To find the angle of the second prism that allows dispersion without deviation, we need to understand the concept of combining prisms to produce dispersion without deviation. This means that the net angular deviation is zero, but there is a dispersion of light.
Here's the step-by-step solution:
For dispersion without deviation, the angular deviation caused by each prism should cancel each other out.
Let's denote:
\(A_1\) = angle of the first prism = 5°
\(\mu_1\) = refractive index of the first prism = 1.72
\(A_2\) = angle of the second prism = ?
\(\mu_2\) = refractive index of the second prism = 1.9
The deviation produced by a prism is given by the formula: \(\delta = (\mu - 1) \times A\)

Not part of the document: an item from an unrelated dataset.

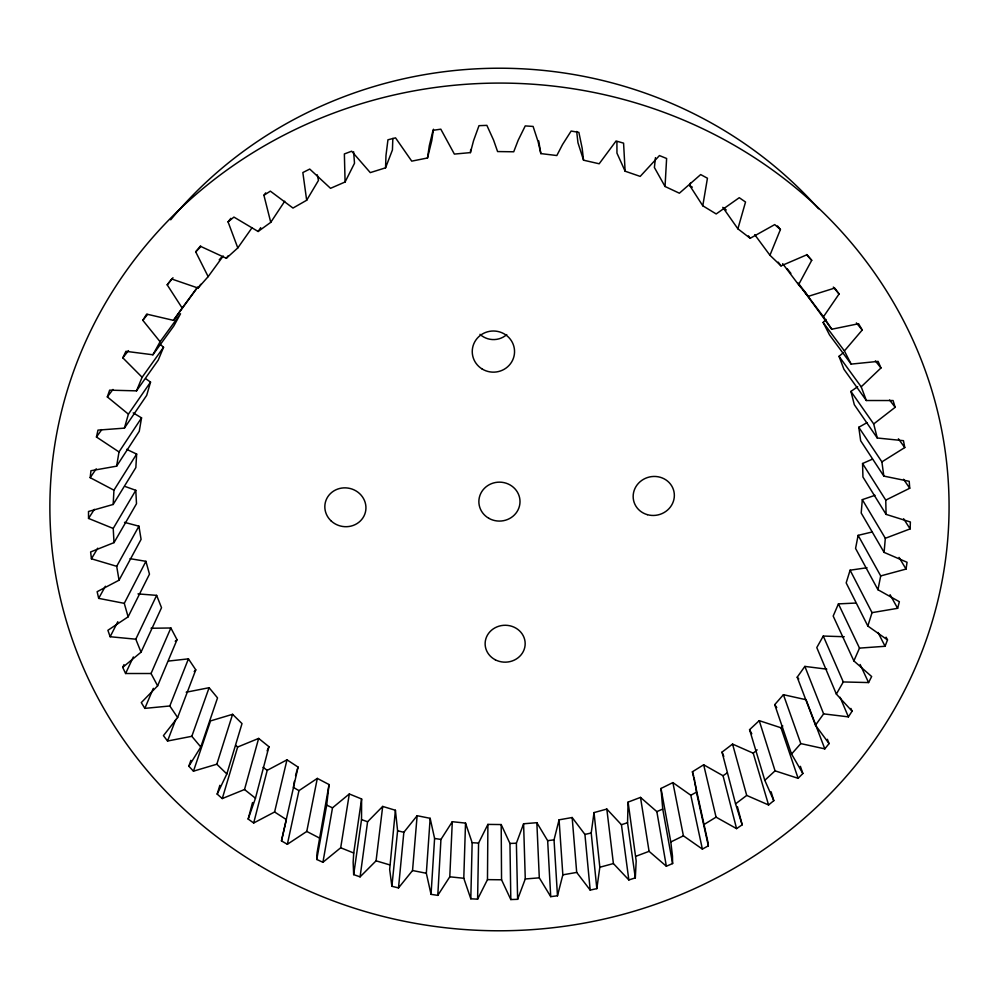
<?xml version="1.0" encoding="UTF-8"?>
<svg xmlns="http://www.w3.org/2000/svg" width="999" height="999" viewBox="0 0 999 999"><rect width="100%" height="100%" fill="white"/><g stroke="black" fill="none" stroke-linecap="round" stroke-linejoin="round"><path stroke-width="1.5" d="M252.522 802.559L248.177 819.055L253.684 823.001L274.6 811.987L286.351 819.592L281.468 840.896L287.35 844.292L298.951 790.646L317.307 778.396L329.046 784.552L317.045 852.959L316.758 859.465L322.927 862.287L332.505 807.829L349.313 793.968L361.601 798.975L353.721 853.009L353.147 862.312L353.671 874.625L360.09 876.86L367.582 821.752L382.692 806.43L395.404 810.264L389.66 869.48L391.883 886.288L398.501 887.911L403.846 832.304L417.132 815.708L430.157 818.318L426.336 873.263L431.044 894.355L437.787 895.366L440.946 839.435L452.297 821.702L465.522 823.101L463.786 878.271L470.804 898.788L477.609 899.175L487.475 879.632L487.899 824.4L501.198 824.562L509.952 843.443L510.814 899.562L517.632 899.325L525.274 878.97L523.601 823.775L536.85 822.689L547.652 840.671L550.724 896.652L557.479 895.791L562.837 874.837L559.078 819.829L572.165 817.519L584.927 834.415L590.184 890.097L596.828 888.623L599.837 867.244L594.018 812.587L606.818 809.065L621.428 824.712L628.846 879.944L635.314 877.859L636.188 861.001L628.096 802.11L640.496 797.389L656.842 811.625L666.358 866.233L672.602 863.561L672.477 856.118L670.804 841.97L661.001 788.461L672.889 782.592L690.821 795.266L702.372 849.088L708.328 845.841L707.904 842.12L692.419 771.765L703.671 764.784L723.051 775.736L736.563 828.621L742.182 824.812L735.564 803.858L722.04 752.11L732.554 744.08L753.221 753.184L768.581 804.969L773.8 800.649L771.103 791.795M137.987 593.893L156.631 595.367L135.789 639.198L110.14 636.725L107.904 630.294L128.109 616.845L124.276 603.346L98.676 598.364L97.14 591.695L119.043 580.207L116.696 566.308L91.421 558.791L90.622 551.96L114.023 542.619L113.212 528.459L88.549 518.419L88.511 511.488L113.174 504.458L113.948 490.197L90.197 477.672L90.934 470.729L116.621 466.158L119.006 451.948L96.453 437L97.977 430.119L124.4 428.134L128.396 414.148L107.33 396.903L109.64 390.159L136.513 390.859L142.12 377.26L122.815 357.842L125.911 351.323L152.909 354.782L160.09 341.745L142.82 320.317L146.666 314.111L173.476 320.354L182.168 308.042L167.195 284.827L171.766 279.021L198.039 288.037L208.154 276.636L195.704 251.848L200.949 246.528L226.348 258.266L237.799 247.927L228.059 221.865L233.928 217.083L258.117 231.481L270.754 222.352L263.923 195.292L270.342 191.146L292.982 208.054L306.668 200.262L302.847 172.54L309.74 169.068L330.532 188.324L345.092 181.993L344.368 153.946L351.648 151.211L370.279 172.615L385.552 167.832L385.976 155.544L387.949 139.798L395.529 137.85L411.738 161.139L427.51 157.979L431.768 140.697L433.454 129.233M477.609 899.175L478.583 843.069L487.899 824.4M855.294 603.071L838.423 603.883L859.502 648.114L885.077 646.278L887.499 639.922L867.819 626.023L872.04 612.649L897.639 608.316L899.362 601.723L877.946 589.722L880.706 575.923L906.043 569.068L907.055 562.275L884.09 552.372L885.326 538.286L910.126 528.896L910.376 522.002L886.088 514.373L885.751 500.124L909.727 488.249L909.215 481.318L883.828 476.098L881.892 461.875L904.769 447.564L903.458 440.671L877.259 437.999L873.7 423.951L895.166 407.305L893.081 400.537L866.358 400.524L861.188 386.813L880.968 367.969L878.096 361.388L851.148 364.111L844.405 350.924L862.224 330.02L858.591 323.738L831.742 329.233L823.476 316.733L839.073 293.981L834.702 288.074L808.291 296.341L798.576 284.703L811.712 260.327L806.655 254.87L781.018 265.884L769.942 255.257L780.419 229.52L774.725 224.6L750.199 238.286L737.886 228.821L745.529 202.023L739.26 197.702L716.183 213.948L702.784 205.782L707.442 178.222L700.674 174.575L679.37 193.207L665.034 186.476L666.62 158.491L659.44 155.569L640.197 176.398L625.124 171.204L623.576 143.144L616.071 140.984L599.175 163.774L583.541 160.19L577.971 142.77L576.673 131.456M470.804 898.788L472.152 842.706L465.522 823.101M316.758 859.465L326.685 805.132L329.046 784.552M437.787 895.366L449.787 876.81L452.297 821.702M594.018 812.587L591.208 833.004L596.828 888.623M392.844 138.399L392.432 149.95L385.552 167.832M126.661 449.35L136.638 454.07L135.852 467.569L113.174 504.458M431.044 894.355L434.59 838.461L430.157 818.318M874.999 495.317L862.312 499.65L861.2 513.024L884.09 552.372M398.501 887.911L412.537 870.529L417.132 815.708M655.469 157.642L654.395 167.495L665.034 186.476M361.601 798.975L361.526 819.617L353.671 874.625M427.51 157.979L429.295 145.792L433.029 130.32L440.809 129.183L454.37 154.083L470.417 152.61L470.704 149.525M391.883 886.288L397.602 830.743L395.404 810.264M635.314 877.859L627.547 822.714L628.096 802.11M360.09 876.86L376.074 860.826L382.692 806.43M294.38 781.243L293.406 787.412L298.951 790.646M322.927 862.287L340.696 847.764L349.313 793.968M559.078 819.829L554.033 839.847L557.479 895.791M133.192 412.874L141.546 417.869L139.248 431.318L116.621 466.158M872.327 531.943L858.116 535.352L855.569 548.439L877.946 589.722M287.35 844.292L306.768 831.443L317.307 778.396M281.468 840.896L298.064 767.082L286.988 759.827L267.22 770.329L253.684 823.001M274.6 811.987L286.988 759.827M470.417 152.61L473.563 140.659L478.996 125.674L486.863 125.362L493.568 140.085L497.589 151.561L513.723 151.786L518.181 140.235L525.249 125.911L533.104 126.436L538.124 141.783L540.846 153.596L556.83 155.532L562.537 144.53L571.141 131.044L578.871 132.392L582.155 148.164L583.541 160.19M702.784 205.782L689.822 185.652L690.484 182.904M248.177 819.055L255.457 798.226L268.943 746.703L258.654 738.411L237.65 747.027L222.278 798.563L217.183 794.105L219.867 785.301M295.542 775.736L296.691 771.378M222.278 798.563L244.518 789.522L258.654 738.411M523.601 823.775L516.383 843.218L517.632 899.325M145.966 378.871L150.524 382.13L146.703 395.354L124.4 428.134M217.183 794.105L226.835 773.963L242.008 723.588L232.592 714.31L210.527 720.916L193.456 771.166L188.836 766.221L190.871 760.339M867.02 567.732L850.099 570.204L846.178 582.904L867.819 626.023M193.456 771.166L216.82 764.223L232.592 714.31M297.153 769.954L298.064 767.082M188.836 766.221L200.799 746.99L217.532 697.901L209.103 687.712L186.189 692.22M168.968 661.013L188.436 658.853L195.779 669.854L177.635 717.532L163.436 735.639L167.545 741.021L191.82 736.3L209.103 687.712M167.545 741.021L175.762 719.492M177.635 717.532L169.805 705.981L188.436 658.853M160.389 344.48L163.549 347.277L158.229 360.127L136.513 390.859M169.805 705.981L144.83 708.378L141.296 702.597L157.63 685.838L177.035 639.697L170.866 627.984L151.036 628.259M144.83 708.378L153.334 688.336M838.423 603.883L833.178 616.058L853.87 660.913L871.652 676.523L868.581 682.567L843.281 681.955L823.276 636.051L844.242 636.725M157.63 685.838L151.049 673.513L170.866 627.984M853.87 660.913L859.502 648.114M267.108 750.873L268.943 746.703M151.049 673.513L125.599 673.513L122.702 667.369L141.046 652.172L161.526 607.704L156.631 595.367M125.599 673.513L133.342 656.955M122.702 667.369L124.001 664.635M128.109 616.845L149.475 574.15L145.916 561.326L130.045 558.666M345.092 181.993L354.508 163.262L353.634 151.761M110.14 636.725L117.82 621.703M124.276 603.346L145.916 561.326M119.043 580.207L141.084 539.373L138.923 526.186L124.513 522.352M98.676 598.364L105.395 586.238M116.696 566.308L138.923 526.186M823.276 636.051L816.782 647.577L836.35 694.08L852.085 711.188L848.401 716.87L823.626 713.873L804.857 666.408L826.81 669.168M836.35 694.08L843.281 681.955M114.023 542.619L136.501 503.721L135.789 490.309L125.487 486.625M113.212 528.459L135.789 490.309M306.668 200.262L318.456 180.444L317.27 174.813M91.421 558.791L97.752 548.189M113.948 490.197L136.638 454.07M88.549 518.419L94.368 509.328M119.006 451.948L141.546 417.869M270.754 222.352L284.74 201.224M90.197 477.672L96.241 468.806M258.117 231.481L260.727 227.66M128.396 414.148L150.524 382.13M237.799 247.927L251.985 227.822M197.29 287.762L173.476 320.354M773.8 800.649L764.797 780.319L749.575 729.682L759.24 720.654L775.062 770.841L798.114 778.321L802.859 773.501L791.545 754.033L774.725 704.645L783.428 694.692L800.798 743.593L824.812 748.875L829.058 743.606L815.484 725.212L797.214 677.197L804.857 666.408M142.12 377.26L163.549 347.277M226.348 258.266L228.109 255.831M815.484 725.212L823.626 713.873M96.453 437L101.773 429.607M152.909 354.782L173.764 326.049L180.544 313.748L160.09 341.745M208.154 276.636L223.214 255.994M198.039 288.037L200.787 284.29M182.168 308.042L197.727 286.925M263.923 195.292L265.722 192.857M107.33 396.903L112.962 389.435M122.815 357.842L128.484 350.612M228.059 221.865L230.844 218.344M142.82 320.317L147.515 314.485M195.704 251.848L200.587 245.841M167.195 284.827L172.977 277.747M219.206 259.865L221.104 257.717M791.545 754.033L800.798 743.593M194.181 671.603L195.779 669.854M851.148 364.111L829.507 334.89L823.126 322.44L826.023 319.443M759.24 720.654L780.993 727.784L782.791 725.948M764.797 780.319L775.062 770.841M175.225 641.296L177.035 639.697M753.221 753.184L757.142 749.874M866.358 400.524L843.93 369.28L839.023 356.331L843.256 352.784M735.564 803.858L746.715 795.429L768.581 804.969M857.679 386.713L850.923 391.421L854.32 404.707L877.259 437.999M723.051 775.736L727.284 772.826M704.12 824.462L716.058 817.145L736.563 828.621M867.095 422.614L858.778 427.285L860.663 440.759L883.828 476.098M690.821 795.266L696.44 792.157L694.967 782.092M670.804 841.97L683.403 835.826L702.372 849.088M872.452 459.14L862.562 463.511L862.936 476.998L886.088 514.373M656.842 811.625L662.737 809.065L661.001 788.461M635.938 856.268L649.075 851.335L666.358 866.233M621.428 824.712L627.547 822.714M599.837 867.244L613.398 863.561L628.846 879.944M584.927 834.415L591.208 833.004M562.837 874.837L576.698 872.414L590.184 890.097M547.652 840.671L554.033 839.847M525.274 878.97L539.298 877.834L550.724 896.652M509.952 843.443L516.383 843.218M487.475 879.632L501.548 879.794L510.814 899.562M472.152 842.706L478.583 843.069M449.787 876.81L463.786 878.271M434.59 838.461L440.946 839.435M412.537 870.529L426.336 873.263M397.602 830.743L403.846 832.304M783.428 694.692L806.093 699.737L824.812 748.875M376.074 860.826L389.535 864.834M361.526 819.617L367.582 821.752M340.696 847.764L353.721 853.009M326.685 805.132L332.505 807.829M306.768 831.443L319.218 837.899M689.822 185.652L692.332 187.188M263.062 767.319L267.22 770.329M723.95 208.229L726.261 210.002M244.518 789.522L255.457 798.226M235.727 745.329L237.65 747.027M216.82 764.223L226.835 773.963M797.214 677.197L798.788 679.008M806.817 254.495L811.712 260.327M833.303 287.088L839.073 293.981M191.82 736.3L200.799 746.99M787.2 268.756L790.871 273.364M777.472 225.936L780.419 229.52M856.368 322.902L862.224 330.02M875.349 360.901L880.968 367.969M889.597 400.012L895.166 407.305M798.201 283.042L808.291 296.341M823.476 316.733L803.346 290.172L831.742 329.233M782.679 263.674L798.576 284.703M778.233 262.15L781.018 265.884M823.126 322.44L844.405 350.924M754.72 234.653L769.942 255.257M839.023 356.331L861.188 386.813M898.401 438.798L904.769 447.564M748.438 235.839L750.199 238.286M722.789 207.33L737.886 228.821M850.923 391.421L873.7 423.951M774.725 704.645L776.747 707.554M903.571 479.258L909.727 488.249M858.778 427.285L881.892 461.875M903.596 518.731L910.126 528.896M862.562 463.511L885.751 500.124M899.05 557.392L906.043 569.068M862.312 499.65L885.326 538.286M858.116 535.352L880.706 575.923M890.072 594.705L897.639 608.316M749.575 729.682L751.797 733.79M886.076 637.187L887.499 639.922M850.099 570.204L872.04 612.649M878.021 632.479L885.077 646.278M860.127 664.472L868.581 682.567M625.124 171.204L616.957 153.122L616.907 141.771M850.886 708.403L852.085 711.188M840.097 697.265L848.401 716.87M722.04 752.11L723.788 756.393M135.789 639.198L141.046 652.172M827.384 739.285L829.058 743.606M800.374 766.32L802.859 773.501M780.993 727.784L798.114 778.321M692.419 771.765L693.668 776.161M732.554 744.08L746.715 795.429M737.437 806.742L742.182 824.812M703.671 764.784L716.058 817.145M694.005 777.634L694.692 780.606M696.44 792.157L708.328 845.841M672.889 782.592L683.403 835.826M662.737 809.065L672.602 863.561M538.686 140.834L540.846 153.596M640.496 797.389L649.075 851.335M606.818 809.065L613.398 863.561M572.165 817.519L576.698 872.414M536.85 822.689L539.298 877.834M501.198 824.562L501.548 879.794M170.692 219.792A418.419 397.639 -0.4 0 1 818.593 208.779M506.755 334.603A19.73 19.318 0.7 0 1 479.982 334.315M258.828 865.146A449.6 423.851 -0.4 0 0 948.688 524.05A449.6 423.851 -0.4 0 0 290.909 131.606A449.6 423.851 -0.4 0 0 258.828 865.146M331.193 520.991A20.629 19.381 12.5 0 0 365.372 512.35A20.629 19.381 12.5 0 0 339.573 488.499A20.629 19.381 12.5 0 0 331.193 520.991M495.279 659.79A20.03 18.457 -0.7 0 0 525.174 643.518A20.03 18.457 -0.7 0 0 494.98 627.834A20.03 18.457 -0.7 0 0 495.279 659.79M488.886 518.344A20.579 19.48 -0.4 0 0 520.004 501.898A20.579 19.48 -0.4 0 0 489.41 484.615A20.579 19.48 -0.4 0 0 488.886 518.344M482.117 368.981A21.154 20.579 0.5 0 0 514.535 352.397A21.154 20.579 0.5 0 0 483.566 333.354A21.154 20.579 0.5 0 0 482.117 368.981M647.34 514.66A20.667 19.443 -13.7 0 0 673.913 491.408A20.667 19.443 -13.7 0 0 640.022 481.78A20.667 19.443 -13.7 0 0 647.34 514.66"/></g></svg>

For no net deviation: \((\mu_1 - 1) \times A_1 = (\mu_2 - 1) \times A_2\)
Substitute the known values into the equation: \((1.72 - 1) \times 5° = (1.9 - 1) \times A_2\)
Calculate the left side: \(0.72 \times 5° = 3.6°\)
Now, solve for \(A_2\): \(3.6° = 0.9 \times A_2\)
Therefore, \(A_2 = \frac{3.6°}{0.9} = 4°\)
Thus, the angle of the second prism should be 4° to achieve dispersion without deviation.